EXERCISE DESCRIPTION - Leaving the images behind, copy every line of the records exactly.

THE DATA -
☆ ☆ ☆ ☆ ☆
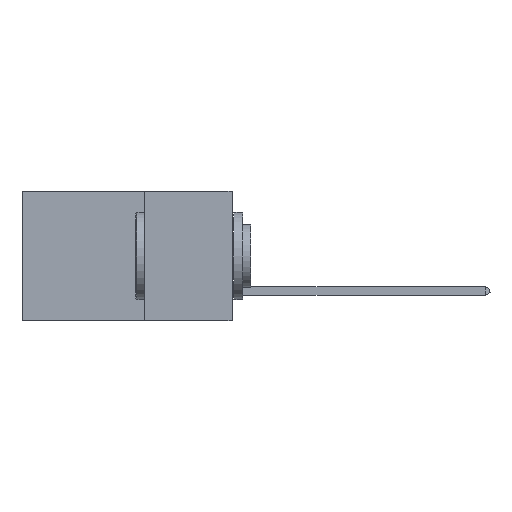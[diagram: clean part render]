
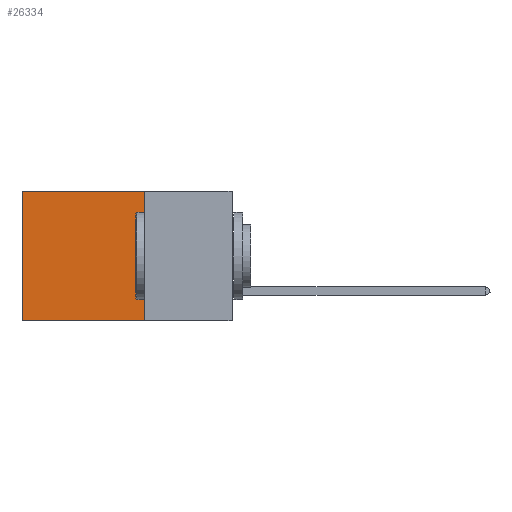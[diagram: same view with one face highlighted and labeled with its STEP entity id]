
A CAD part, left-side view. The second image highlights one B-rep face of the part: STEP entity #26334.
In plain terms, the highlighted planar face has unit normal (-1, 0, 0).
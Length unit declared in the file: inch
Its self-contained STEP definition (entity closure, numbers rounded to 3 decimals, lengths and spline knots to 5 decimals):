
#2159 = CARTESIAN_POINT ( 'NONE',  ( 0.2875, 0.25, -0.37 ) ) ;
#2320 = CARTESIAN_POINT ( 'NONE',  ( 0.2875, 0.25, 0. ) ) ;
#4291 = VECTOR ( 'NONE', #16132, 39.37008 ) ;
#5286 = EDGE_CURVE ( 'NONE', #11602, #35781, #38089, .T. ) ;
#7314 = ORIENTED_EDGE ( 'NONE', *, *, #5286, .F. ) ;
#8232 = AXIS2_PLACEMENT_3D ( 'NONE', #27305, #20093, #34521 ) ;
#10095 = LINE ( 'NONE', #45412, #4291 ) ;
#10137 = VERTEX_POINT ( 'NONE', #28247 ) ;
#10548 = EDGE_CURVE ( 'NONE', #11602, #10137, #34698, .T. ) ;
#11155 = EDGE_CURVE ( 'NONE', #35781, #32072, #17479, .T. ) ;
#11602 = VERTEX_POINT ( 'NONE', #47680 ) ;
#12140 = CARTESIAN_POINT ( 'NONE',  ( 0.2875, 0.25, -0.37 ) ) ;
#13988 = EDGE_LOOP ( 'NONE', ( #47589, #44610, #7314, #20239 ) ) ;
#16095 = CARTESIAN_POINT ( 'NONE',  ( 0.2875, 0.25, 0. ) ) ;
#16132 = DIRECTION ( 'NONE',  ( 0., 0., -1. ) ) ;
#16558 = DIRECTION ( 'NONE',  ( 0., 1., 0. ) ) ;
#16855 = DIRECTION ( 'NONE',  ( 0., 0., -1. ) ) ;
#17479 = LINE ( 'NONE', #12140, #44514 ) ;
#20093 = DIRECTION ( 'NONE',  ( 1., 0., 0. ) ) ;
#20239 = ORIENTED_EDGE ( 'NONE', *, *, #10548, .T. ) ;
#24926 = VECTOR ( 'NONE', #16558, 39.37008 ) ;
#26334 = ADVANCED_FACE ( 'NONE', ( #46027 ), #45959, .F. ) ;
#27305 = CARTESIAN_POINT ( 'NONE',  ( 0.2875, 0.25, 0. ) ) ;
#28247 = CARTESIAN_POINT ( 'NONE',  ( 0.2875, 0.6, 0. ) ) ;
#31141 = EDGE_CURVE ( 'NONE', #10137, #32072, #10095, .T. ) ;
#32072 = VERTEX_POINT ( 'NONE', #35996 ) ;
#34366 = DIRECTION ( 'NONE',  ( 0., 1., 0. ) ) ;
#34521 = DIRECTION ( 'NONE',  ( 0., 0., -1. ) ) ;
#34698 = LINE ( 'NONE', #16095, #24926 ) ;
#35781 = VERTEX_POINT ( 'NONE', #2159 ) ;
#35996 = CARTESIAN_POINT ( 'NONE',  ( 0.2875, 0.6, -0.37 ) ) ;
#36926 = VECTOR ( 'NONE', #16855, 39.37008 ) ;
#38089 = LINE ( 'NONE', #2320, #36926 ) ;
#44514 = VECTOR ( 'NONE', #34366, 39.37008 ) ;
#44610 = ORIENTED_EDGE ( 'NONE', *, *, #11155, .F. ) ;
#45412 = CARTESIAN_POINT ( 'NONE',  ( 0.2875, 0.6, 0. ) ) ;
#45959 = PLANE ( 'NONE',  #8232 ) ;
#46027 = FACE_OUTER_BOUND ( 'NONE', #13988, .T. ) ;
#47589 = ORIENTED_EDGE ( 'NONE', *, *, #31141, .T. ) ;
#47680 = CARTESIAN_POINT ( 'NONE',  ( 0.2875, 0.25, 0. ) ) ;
☆ ☆ ☆ ☆ ☆
EXERCISE OUTPUT -
[diagram: clean part render]
[diagram: same view with one face highlighted and labeled with its STEP entity id]
A CAD part, left-side view. The second image highlights one B-rep face of the part: STEP entity #26334.
In plain terms, the highlighted planar face has unit normal (-1, 0, 0).
Length unit declared in the file: inch
Its self-contained STEP definition (entity closure, numbers rounded to 3 decimals, lengths and spline knots to 5 decimals):
#2159 = CARTESIAN_POINT ( 'NONE',  ( 0.2875, 0.25, -0.37 ) ) ;
#2320 = CARTESIAN_POINT ( 'NONE',  ( 0.2875, 0.25, 0. ) ) ;
#4291 = VECTOR ( 'NONE', #16132, 39.37008 ) ;
#5286 = EDGE_CURVE ( 'NONE', #11602, #35781, #38089, .T. ) ;
#7314 = ORIENTED_EDGE ( 'NONE', *, *, #5286, .F. ) ;
#8232 = AXIS2_PLACEMENT_3D ( 'NONE', #27305, #20093, #34521 ) ;
#10095 = LINE ( 'NONE', #45412, #4291 ) ;
#10137 = VERTEX_POINT ( 'NONE', #28247 ) ;
#10548 = EDGE_CURVE ( 'NONE', #11602, #10137, #34698, .T. ) ;
#11155 = EDGE_CURVE ( 'NONE', #35781, #32072, #17479, .T. ) ;
#11602 = VERTEX_POINT ( 'NONE', #47680 ) ;
#12140 = CARTESIAN_POINT ( 'NONE',  ( 0.2875, 0.25, -0.37 ) ) ;
#13988 = EDGE_LOOP ( 'NONE', ( #47589, #44610, #7314, #20239 ) ) ;
#16095 = CARTESIAN_POINT ( 'NONE',  ( 0.2875, 0.25, 0. ) ) ;
#16132 = DIRECTION ( 'NONE',  ( 0., 0., -1. ) ) ;
#16558 = DIRECTION ( 'NONE',  ( 0., 1., 0. ) ) ;
#16855 = DIRECTION ( 'NONE',  ( 0., 0., -1. ) ) ;
#17479 = LINE ( 'NONE', #12140, #44514 ) ;
#20093 = DIRECTION ( 'NONE',  ( 1., 0., 0. ) ) ;
#20239 = ORIENTED_EDGE ( 'NONE', *, *, #10548, .T. ) ;
#24926 = VECTOR ( 'NONE', #16558, 39.37008 ) ;
#26334 = ADVANCED_FACE ( 'NONE', ( #46027 ), #45959, .F. ) ;
#27305 = CARTESIAN_POINT ( 'NONE',  ( 0.2875, 0.25, 0. ) ) ;
#28247 = CARTESIAN_POINT ( 'NONE',  ( 0.2875, 0.6, 0. ) ) ;
#31141 = EDGE_CURVE ( 'NONE', #10137, #32072, #10095, .T. ) ;
#32072 = VERTEX_POINT ( 'NONE', #35996 ) ;
#34366 = DIRECTION ( 'NONE',  ( 0., 1., 0. ) ) ;
#34521 = DIRECTION ( 'NONE',  ( 0., 0., -1. ) ) ;
#34698 = LINE ( 'NONE', #16095, #24926 ) ;
#35781 = VERTEX_POINT ( 'NONE', #2159 ) ;
#35996 = CARTESIAN_POINT ( 'NONE',  ( 0.2875, 0.6, -0.37 ) ) ;
#36926 = VECTOR ( 'NONE', #16855, 39.37008 ) ;
#38089 = LINE ( 'NONE', #2320, #36926 ) ;
#44514 = VECTOR ( 'NONE', #34366, 39.37008 ) ;
#44610 = ORIENTED_EDGE ( 'NONE', *, *, #11155, .F. ) ;
#45412 = CARTESIAN_POINT ( 'NONE',  ( 0.2875, 0.6, 0. ) ) ;
#45959 = PLANE ( 'NONE',  #8232 ) ;
#46027 = FACE_OUTER_BOUND ( 'NONE', #13988, .T. ) ;
#47589 = ORIENTED_EDGE ( 'NONE', *, *, #31141, .T. ) ;
#47680 = CARTESIAN_POINT ( 'NONE',  ( 0.2875, 0.25, 0. ) ) ;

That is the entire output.